Due to the cost of storing and analysing data, the usual approach to analytics has been to only make data that is of known value available to users. But it is now sufficiently cheap to generate, store and use data that organisations are now able to let those users experiment with different data sources to see which yield useful results, Teradata's chief analytics officer Bill Franks (pictured) told iTWire.
This applies to data that is generated or collected inside or outside the organisation.
That outside data doesn't only come from public sources - organisations are increasingly choosing to combine their data to gain a more complete view.
Combining these data sets along with others such as weather conditions provides a better understanding of effective farming practices.
"The lines [between internal and external data] are beginning to blur," Franks said.
There are also changes in the types of analytics that are being performed.
Graph analysis is one example. Already widely used to help detect fraudulent financial transactions, it is becoming commonplace in other areas such as cyber security and the telco industry (churn analysis), he told iTWire.
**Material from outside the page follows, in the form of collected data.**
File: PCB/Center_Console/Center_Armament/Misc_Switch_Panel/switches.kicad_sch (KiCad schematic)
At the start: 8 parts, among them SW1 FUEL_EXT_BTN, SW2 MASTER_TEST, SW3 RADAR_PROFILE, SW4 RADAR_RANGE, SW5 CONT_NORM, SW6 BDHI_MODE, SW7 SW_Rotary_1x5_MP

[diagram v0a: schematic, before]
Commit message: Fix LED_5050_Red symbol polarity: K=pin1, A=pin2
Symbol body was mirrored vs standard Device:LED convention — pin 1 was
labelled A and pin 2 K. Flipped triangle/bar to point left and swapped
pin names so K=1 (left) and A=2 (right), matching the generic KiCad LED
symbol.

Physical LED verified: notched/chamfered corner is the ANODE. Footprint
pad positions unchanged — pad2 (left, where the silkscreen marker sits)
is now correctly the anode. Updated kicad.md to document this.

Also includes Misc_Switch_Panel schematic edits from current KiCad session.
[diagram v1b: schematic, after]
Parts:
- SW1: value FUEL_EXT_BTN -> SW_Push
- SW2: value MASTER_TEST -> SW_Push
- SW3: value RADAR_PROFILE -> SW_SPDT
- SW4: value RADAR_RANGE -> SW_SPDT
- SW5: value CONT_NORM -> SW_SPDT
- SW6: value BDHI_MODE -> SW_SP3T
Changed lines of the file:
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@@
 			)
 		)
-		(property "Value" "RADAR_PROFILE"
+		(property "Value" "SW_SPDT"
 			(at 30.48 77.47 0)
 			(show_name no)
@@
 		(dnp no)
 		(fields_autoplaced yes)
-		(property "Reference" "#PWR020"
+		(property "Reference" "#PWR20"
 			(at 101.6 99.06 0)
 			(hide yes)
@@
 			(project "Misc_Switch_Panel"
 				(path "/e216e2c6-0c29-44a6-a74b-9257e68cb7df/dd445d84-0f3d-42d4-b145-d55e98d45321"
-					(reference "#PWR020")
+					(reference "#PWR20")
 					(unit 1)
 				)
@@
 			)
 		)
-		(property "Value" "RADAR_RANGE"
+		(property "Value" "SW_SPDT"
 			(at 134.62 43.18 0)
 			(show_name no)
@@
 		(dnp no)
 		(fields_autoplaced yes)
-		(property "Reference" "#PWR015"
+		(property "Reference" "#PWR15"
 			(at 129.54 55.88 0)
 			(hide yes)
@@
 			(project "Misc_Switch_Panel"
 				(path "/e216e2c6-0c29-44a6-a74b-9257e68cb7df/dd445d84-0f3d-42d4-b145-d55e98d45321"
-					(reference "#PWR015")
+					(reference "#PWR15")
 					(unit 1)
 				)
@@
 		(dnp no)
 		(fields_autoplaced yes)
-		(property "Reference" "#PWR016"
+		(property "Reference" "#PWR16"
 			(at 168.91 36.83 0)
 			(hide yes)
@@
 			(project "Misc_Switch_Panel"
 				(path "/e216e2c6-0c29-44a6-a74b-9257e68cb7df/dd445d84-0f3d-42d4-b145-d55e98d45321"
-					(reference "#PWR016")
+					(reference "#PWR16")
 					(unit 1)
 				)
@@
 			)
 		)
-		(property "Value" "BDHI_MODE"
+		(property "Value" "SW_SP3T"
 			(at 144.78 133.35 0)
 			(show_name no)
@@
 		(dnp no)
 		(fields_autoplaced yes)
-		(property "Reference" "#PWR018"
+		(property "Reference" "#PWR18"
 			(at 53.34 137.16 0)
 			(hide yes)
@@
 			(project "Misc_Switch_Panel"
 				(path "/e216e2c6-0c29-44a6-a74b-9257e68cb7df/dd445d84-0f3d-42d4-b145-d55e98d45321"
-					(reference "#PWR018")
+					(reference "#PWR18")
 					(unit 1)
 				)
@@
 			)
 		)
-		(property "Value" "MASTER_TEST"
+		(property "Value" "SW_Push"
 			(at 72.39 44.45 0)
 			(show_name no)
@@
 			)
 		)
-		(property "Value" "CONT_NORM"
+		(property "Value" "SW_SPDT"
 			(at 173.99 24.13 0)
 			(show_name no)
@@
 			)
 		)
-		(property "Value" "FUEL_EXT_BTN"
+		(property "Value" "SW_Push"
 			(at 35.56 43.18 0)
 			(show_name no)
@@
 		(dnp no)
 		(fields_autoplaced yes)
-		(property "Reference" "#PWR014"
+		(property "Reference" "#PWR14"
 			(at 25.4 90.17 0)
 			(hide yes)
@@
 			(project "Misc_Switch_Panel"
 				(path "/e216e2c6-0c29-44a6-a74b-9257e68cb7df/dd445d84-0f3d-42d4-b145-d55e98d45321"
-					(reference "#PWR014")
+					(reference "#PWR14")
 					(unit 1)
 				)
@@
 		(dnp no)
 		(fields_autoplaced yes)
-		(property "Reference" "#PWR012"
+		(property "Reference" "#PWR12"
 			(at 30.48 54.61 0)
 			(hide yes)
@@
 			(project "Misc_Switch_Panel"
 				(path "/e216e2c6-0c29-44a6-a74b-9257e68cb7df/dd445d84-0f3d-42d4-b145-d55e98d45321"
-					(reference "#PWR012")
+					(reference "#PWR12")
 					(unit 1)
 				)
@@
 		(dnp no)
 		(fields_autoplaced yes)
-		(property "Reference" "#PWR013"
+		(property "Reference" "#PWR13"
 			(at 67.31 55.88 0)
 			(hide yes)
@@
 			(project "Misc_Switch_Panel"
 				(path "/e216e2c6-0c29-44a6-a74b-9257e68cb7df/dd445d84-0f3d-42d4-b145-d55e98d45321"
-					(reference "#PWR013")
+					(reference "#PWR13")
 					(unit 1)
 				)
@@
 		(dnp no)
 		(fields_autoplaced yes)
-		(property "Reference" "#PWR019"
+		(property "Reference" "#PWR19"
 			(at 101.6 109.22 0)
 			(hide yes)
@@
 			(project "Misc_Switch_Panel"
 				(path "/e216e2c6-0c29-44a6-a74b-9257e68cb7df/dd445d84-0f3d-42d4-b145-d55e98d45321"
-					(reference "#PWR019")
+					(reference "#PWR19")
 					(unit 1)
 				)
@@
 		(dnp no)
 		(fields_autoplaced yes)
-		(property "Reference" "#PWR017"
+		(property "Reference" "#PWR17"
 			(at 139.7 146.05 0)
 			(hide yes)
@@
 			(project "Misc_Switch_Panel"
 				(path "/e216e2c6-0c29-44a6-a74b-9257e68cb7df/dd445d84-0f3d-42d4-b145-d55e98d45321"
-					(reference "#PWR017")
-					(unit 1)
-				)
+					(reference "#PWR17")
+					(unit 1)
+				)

Teradata's contribution is that the price/performance ratio of its products "has gotten vastly better," and by embedding analytics within the storage platform the company has eliminated data transfer problems.
The Teradata Aster platform provides all sorts of analytics, and "that greatly simplifies and speeds up processing" by "getting the algorithms much closer to the data," Franks said.
But these products aren't for everyone. Teradata is targeting organisations with annual revenues of around $200 million and above.